Work required: Print the first line of the records below and every line after it, up to and including the line with "T_A_m2_1024_1_u32.DataTypeMode = 'Fixed-point: slope". Print nothing else.

Stored dataset items:
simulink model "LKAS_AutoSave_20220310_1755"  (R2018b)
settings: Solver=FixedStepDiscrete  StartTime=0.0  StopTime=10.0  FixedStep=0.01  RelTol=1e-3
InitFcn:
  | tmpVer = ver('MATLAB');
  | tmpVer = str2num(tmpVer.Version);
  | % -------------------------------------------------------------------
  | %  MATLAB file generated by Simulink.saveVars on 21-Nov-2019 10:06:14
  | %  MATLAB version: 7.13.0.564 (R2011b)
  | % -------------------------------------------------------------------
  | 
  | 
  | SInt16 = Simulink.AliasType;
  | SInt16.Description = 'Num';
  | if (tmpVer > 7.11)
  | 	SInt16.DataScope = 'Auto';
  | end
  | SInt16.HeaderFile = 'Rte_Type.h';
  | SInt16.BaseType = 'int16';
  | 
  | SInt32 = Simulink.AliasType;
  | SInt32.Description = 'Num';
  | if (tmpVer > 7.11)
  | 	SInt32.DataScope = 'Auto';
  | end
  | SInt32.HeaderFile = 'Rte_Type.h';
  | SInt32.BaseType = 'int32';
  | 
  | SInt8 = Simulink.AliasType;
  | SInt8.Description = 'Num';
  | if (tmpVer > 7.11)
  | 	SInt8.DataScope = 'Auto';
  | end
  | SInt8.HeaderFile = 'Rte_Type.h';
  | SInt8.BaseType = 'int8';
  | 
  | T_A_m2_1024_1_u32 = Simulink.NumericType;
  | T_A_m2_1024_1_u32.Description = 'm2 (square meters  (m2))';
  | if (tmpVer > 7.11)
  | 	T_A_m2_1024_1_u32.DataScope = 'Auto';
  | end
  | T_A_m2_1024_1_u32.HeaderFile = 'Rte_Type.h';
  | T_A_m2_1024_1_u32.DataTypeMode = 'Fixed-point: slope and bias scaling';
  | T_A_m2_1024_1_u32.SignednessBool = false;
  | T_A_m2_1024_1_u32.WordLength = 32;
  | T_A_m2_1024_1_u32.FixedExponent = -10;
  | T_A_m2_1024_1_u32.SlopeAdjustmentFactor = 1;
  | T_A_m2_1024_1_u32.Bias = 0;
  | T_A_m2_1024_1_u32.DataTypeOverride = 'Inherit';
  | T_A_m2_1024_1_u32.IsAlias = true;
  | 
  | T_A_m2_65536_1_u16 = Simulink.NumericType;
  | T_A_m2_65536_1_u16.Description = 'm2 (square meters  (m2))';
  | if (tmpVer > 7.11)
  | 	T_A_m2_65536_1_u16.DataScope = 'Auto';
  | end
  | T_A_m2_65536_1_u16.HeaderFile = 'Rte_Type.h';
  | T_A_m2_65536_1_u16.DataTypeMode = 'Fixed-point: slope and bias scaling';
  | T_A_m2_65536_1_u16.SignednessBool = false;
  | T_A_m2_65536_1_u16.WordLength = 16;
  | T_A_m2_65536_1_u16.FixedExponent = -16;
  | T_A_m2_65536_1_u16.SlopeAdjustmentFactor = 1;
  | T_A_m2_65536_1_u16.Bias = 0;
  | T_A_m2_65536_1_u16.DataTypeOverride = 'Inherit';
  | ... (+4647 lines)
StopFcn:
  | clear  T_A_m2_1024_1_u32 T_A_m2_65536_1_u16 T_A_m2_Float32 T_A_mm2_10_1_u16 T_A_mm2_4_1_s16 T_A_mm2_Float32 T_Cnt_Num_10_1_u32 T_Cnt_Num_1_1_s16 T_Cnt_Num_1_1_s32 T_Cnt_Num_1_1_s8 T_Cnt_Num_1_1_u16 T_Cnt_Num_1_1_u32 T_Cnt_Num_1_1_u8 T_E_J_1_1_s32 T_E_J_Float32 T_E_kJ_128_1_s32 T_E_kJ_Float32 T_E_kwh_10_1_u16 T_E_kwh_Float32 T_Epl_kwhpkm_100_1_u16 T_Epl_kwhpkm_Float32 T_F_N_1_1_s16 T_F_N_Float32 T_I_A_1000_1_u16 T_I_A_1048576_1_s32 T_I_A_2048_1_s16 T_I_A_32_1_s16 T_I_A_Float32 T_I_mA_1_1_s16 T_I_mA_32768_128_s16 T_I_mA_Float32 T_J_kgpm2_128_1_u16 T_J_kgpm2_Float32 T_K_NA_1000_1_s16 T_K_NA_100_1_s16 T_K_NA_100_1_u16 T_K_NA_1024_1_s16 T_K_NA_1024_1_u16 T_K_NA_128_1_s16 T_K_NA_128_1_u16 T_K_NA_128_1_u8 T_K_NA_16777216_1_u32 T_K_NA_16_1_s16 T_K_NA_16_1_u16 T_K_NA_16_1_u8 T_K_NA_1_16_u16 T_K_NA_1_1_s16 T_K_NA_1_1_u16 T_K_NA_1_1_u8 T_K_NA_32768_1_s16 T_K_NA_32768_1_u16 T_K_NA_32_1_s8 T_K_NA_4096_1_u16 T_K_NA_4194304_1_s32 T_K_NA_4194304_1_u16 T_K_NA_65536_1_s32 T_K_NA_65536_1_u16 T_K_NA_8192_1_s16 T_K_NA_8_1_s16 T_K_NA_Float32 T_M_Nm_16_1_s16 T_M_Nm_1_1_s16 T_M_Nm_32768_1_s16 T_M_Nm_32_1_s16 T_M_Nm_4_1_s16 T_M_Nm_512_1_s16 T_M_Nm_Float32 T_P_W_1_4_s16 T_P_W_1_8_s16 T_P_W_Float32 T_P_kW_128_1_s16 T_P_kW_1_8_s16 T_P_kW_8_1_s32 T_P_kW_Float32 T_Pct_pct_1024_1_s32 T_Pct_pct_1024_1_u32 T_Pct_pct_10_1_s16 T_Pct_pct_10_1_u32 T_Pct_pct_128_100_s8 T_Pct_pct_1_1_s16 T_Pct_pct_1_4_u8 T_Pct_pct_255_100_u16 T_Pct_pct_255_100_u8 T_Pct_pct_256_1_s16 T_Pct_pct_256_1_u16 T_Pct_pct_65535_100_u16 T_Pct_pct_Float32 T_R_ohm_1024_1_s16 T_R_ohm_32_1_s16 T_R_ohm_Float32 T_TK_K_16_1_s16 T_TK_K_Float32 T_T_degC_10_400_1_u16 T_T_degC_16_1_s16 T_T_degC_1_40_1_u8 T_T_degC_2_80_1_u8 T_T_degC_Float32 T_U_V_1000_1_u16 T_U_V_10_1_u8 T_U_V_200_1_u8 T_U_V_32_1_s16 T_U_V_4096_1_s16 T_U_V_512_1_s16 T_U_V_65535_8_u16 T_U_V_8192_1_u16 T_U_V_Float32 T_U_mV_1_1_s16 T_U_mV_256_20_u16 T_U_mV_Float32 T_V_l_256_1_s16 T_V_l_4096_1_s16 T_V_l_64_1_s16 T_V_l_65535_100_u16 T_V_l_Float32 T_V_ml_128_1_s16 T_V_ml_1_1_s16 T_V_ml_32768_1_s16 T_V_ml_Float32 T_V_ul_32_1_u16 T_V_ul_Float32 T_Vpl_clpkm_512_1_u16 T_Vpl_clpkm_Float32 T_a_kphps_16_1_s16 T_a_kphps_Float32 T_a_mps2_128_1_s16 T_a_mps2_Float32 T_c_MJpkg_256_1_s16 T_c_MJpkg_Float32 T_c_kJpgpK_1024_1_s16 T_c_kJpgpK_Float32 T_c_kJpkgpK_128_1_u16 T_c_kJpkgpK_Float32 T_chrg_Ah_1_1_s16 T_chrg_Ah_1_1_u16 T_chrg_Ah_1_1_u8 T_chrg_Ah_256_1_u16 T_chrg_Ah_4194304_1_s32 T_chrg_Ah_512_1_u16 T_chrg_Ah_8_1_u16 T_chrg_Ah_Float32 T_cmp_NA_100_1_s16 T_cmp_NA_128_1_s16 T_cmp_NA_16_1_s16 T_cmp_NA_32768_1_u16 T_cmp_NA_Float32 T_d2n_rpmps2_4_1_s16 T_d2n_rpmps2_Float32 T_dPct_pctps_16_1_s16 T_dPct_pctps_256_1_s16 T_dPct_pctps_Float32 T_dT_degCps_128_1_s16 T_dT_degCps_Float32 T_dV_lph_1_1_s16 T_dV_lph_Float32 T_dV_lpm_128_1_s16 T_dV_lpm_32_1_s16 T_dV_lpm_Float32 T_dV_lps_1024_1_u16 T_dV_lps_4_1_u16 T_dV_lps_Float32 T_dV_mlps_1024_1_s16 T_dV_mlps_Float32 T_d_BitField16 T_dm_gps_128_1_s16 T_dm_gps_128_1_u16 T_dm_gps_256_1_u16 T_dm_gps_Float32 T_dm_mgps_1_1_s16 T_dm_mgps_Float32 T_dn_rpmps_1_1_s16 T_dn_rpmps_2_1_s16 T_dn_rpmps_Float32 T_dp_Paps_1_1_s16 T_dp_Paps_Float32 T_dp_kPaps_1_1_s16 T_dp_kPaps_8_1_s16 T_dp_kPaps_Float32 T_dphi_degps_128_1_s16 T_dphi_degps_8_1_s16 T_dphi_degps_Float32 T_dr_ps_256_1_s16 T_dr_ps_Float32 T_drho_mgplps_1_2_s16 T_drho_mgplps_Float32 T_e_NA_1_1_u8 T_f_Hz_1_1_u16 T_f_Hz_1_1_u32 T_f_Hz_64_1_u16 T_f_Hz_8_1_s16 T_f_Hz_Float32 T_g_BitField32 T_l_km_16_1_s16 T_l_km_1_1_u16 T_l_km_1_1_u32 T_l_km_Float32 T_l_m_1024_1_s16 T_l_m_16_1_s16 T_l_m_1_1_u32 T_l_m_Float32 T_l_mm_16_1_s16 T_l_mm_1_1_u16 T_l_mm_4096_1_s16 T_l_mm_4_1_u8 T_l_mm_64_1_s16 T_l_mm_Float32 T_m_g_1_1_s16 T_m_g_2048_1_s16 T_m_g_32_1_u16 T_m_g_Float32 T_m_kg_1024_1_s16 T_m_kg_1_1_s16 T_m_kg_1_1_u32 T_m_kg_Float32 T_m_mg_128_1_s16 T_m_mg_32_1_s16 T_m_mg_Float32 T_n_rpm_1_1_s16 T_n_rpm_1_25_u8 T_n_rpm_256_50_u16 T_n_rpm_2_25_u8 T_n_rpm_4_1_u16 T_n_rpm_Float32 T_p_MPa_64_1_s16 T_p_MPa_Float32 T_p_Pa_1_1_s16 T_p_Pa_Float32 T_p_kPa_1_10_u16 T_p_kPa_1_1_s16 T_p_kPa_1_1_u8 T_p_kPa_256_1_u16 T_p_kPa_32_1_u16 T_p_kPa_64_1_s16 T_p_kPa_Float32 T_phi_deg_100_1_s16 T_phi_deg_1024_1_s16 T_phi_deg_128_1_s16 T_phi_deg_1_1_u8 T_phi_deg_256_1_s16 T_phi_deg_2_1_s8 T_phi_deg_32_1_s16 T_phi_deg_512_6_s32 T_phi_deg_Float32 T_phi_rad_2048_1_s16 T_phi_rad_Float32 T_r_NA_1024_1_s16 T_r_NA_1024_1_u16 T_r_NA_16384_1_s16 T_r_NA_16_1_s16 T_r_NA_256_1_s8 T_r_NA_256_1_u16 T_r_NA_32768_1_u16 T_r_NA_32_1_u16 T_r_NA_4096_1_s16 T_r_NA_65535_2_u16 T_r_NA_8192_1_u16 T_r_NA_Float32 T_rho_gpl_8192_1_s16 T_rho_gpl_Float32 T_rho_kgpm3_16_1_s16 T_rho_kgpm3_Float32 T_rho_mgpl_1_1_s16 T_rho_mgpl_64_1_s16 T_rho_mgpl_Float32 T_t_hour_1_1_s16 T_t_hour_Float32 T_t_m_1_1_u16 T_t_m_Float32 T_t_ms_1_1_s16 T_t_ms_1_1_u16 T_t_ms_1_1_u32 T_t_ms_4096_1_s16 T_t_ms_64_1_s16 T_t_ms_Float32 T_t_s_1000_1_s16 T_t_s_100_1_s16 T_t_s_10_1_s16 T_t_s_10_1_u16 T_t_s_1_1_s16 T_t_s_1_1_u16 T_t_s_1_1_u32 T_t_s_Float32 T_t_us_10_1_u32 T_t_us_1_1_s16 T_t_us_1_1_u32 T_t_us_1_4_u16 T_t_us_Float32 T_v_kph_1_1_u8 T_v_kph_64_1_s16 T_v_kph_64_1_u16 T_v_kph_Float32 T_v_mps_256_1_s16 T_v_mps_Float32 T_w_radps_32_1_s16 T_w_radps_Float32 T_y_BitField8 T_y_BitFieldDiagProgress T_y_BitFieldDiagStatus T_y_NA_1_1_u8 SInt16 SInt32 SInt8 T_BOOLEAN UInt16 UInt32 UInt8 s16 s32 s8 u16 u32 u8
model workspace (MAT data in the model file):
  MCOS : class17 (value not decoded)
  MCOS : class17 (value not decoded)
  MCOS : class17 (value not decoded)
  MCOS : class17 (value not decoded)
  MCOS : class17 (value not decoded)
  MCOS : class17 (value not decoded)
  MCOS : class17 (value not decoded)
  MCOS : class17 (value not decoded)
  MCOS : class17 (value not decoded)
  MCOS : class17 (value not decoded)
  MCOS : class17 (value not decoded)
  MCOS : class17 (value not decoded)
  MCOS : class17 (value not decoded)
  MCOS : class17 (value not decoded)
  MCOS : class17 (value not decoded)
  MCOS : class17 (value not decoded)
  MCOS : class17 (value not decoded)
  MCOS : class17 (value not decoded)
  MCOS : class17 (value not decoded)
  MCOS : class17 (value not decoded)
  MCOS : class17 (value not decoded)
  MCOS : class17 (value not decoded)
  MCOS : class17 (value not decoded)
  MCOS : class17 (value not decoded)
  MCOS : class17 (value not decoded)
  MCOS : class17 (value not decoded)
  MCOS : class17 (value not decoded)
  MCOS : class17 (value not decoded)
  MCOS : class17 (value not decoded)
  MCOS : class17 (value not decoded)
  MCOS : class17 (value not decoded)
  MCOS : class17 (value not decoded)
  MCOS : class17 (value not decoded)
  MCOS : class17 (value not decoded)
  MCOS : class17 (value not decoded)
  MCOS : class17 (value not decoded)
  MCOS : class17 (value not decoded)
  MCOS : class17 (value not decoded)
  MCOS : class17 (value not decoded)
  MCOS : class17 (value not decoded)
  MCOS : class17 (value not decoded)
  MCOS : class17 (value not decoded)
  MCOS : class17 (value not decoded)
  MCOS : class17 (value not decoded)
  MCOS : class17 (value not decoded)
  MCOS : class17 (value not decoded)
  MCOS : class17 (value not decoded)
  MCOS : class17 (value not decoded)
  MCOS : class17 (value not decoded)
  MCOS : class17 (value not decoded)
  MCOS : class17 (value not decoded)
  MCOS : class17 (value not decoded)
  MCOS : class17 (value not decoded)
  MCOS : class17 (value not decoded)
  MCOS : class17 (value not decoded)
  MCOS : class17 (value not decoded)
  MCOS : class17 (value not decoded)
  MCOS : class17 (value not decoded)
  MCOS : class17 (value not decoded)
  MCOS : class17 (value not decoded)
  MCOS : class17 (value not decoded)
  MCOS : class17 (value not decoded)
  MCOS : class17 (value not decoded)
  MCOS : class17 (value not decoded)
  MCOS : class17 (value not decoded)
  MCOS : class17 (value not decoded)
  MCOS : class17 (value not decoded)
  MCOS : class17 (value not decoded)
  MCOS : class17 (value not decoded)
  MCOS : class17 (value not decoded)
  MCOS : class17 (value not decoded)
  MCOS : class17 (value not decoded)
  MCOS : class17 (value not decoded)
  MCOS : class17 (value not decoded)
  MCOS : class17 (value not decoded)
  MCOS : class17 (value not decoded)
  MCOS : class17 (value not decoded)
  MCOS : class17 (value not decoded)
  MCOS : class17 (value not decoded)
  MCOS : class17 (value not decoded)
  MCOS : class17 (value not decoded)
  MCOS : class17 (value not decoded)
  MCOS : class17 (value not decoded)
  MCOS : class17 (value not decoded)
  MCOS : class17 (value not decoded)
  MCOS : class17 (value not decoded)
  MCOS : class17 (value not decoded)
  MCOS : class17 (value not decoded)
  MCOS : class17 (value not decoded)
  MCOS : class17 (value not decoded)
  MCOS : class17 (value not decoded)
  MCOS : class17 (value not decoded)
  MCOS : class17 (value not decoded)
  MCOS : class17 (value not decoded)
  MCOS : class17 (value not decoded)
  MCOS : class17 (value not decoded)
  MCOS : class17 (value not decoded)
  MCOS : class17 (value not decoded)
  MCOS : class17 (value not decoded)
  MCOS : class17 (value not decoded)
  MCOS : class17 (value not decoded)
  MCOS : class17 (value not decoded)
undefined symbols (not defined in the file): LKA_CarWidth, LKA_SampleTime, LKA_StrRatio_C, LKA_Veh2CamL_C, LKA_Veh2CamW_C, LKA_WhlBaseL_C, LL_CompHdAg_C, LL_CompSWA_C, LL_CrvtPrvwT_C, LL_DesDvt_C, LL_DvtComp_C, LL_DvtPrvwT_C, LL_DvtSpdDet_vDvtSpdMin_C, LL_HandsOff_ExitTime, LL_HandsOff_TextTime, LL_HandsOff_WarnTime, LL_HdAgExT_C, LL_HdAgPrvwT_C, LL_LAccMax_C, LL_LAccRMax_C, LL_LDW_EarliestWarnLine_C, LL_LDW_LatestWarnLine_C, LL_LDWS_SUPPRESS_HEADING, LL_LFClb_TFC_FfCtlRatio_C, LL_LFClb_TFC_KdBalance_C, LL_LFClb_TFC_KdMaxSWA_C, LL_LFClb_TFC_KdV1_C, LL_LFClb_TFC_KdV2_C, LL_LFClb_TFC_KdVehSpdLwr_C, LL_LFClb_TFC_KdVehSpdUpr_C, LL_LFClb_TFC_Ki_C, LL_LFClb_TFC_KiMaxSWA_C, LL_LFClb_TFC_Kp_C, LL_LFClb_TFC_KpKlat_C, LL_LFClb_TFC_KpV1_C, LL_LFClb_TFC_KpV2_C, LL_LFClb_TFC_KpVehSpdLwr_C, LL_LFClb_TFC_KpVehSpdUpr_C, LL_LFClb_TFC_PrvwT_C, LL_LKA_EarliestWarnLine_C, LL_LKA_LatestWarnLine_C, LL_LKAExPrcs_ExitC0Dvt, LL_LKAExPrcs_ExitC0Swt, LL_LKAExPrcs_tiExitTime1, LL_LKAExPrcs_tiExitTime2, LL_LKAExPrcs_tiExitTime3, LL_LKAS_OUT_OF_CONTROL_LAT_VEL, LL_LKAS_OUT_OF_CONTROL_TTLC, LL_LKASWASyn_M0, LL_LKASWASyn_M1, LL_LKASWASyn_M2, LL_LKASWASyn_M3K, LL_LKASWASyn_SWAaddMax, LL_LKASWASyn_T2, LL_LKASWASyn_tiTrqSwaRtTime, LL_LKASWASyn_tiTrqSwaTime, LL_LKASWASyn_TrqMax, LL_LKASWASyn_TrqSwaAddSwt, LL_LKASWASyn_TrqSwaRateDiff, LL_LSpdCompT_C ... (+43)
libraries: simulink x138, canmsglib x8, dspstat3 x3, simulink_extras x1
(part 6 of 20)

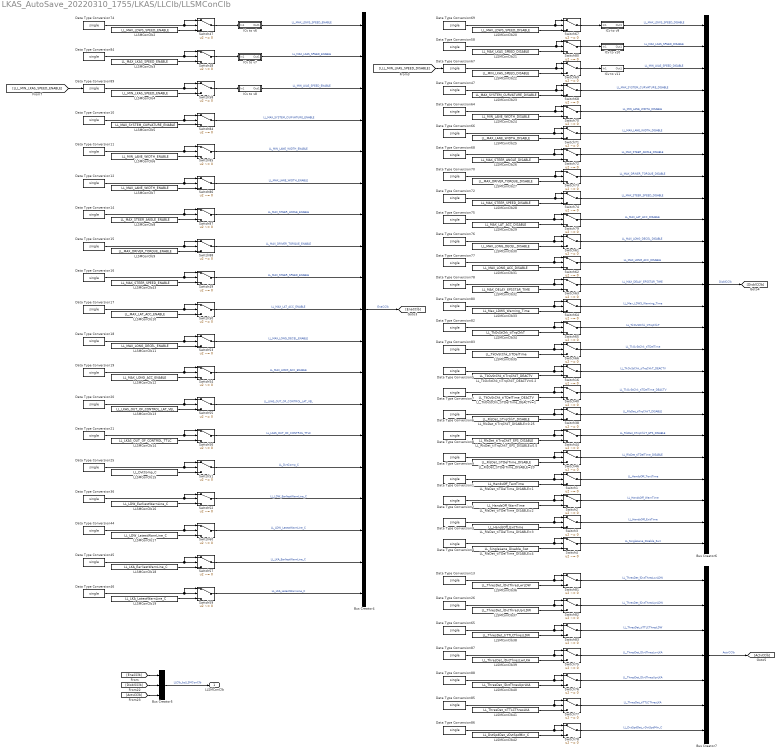
== system LKAS_AutoSave_20220310_1755/LKAS/LLClb/LLSMConClb ==
  Bus Creator4 : BusCreator  Inputs=19
  Bus Creator5 : BusCreator  Inputs=3
  Bus Creator6 : BusCreator  Inputs=25
  Bus Creator7 : BusCreator  Inputs=7
  Data Type Conversion{1..21,25..26,36,44..47,58,64..70,72,74..78,80,82..89} (51 alike) : DataTypeConversion  OutDataTypeStr=single
  ICv to v10 : Subsystem
  ICv to v11 : Subsystem
  ICv to v6 : Subsystem  Description=|
      | 仪表车速转换
      | 仪表车速 = 实际车速 * 1.02 + 2.5
      settings: AttributesFormatString=%<Description>
  ICv to v7 : Subsystem
  ICv to v8 : Subsystem
  ICv to v9 : Subsystem
  LLSMConClb10 : Constant  Description=侧向加速度使能上限  Value=LL_MAX_LAT_ACC_ENABLE  OutDataTypeStr=single
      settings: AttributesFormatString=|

Result for this task:
simulink model "LKAS_AutoSave_20220310_1755"  (R2018b)
settings: Solver=FixedStepDiscrete  StartTime=0.0  StopTime=10.0  FixedStep=0.01  RelTol=1e-3
InitFcn:
  | tmpVer = ver('MATLAB');
  | tmpVer = str2num(tmpVer.Version);
  | % -------------------------------------------------------------------
  | %  MATLAB file generated by Simulink.saveVars on 21-Nov-2019 10:06:14
  | %  MATLAB version: 7.13.0.564 (R2011b)
  | % -------------------------------------------------------------------
  | 
  | 
  | SInt16 = Simulink.AliasType;
  | SInt16.Description = 'Num';
  | if (tmpVer > 7.11)
  | 	SInt16.DataScope = 'Auto';
  | end
  | SInt16.HeaderFile = 'Rte_Type.h';
  | SInt16.BaseType = 'int16';
  | 
  | SInt32 = Simulink.AliasType;
  | SInt32.Description = 'Num';
  | if (tmpVer > 7.11)
  | 	SInt32.DataScope = 'Auto';
  | end
  | SInt32.HeaderFile = 'Rte_Type.h';
  | SInt32.BaseType = 'int32';
  | 
  | SInt8 = Simulink.AliasType;
  | SInt8.Description = 'Num';
  | if (tmpVer > 7.11)
  | 	SInt8.DataScope = 'Auto';
  | end
  | SInt8.HeaderFile = 'Rte_Type.h';
  | SInt8.BaseType = 'int8';
  | 
  | T_A_m2_1024_1_u32 = Simulink.NumericType;
  | T_A_m2_1024_1_u32.Description = 'm2 (square meters  (m2))';
  | if (tmpVer > 7.11)
  | 	T_A_m2_1024_1_u32.DataScope = 'Auto';
  | end
  | T_A_m2_1024_1_u32.HeaderFile = 'Rte_Type.h';
  | T_A_m2_1024_1_u32.DataTypeMode = 'Fixed-point: slope and bias scaling';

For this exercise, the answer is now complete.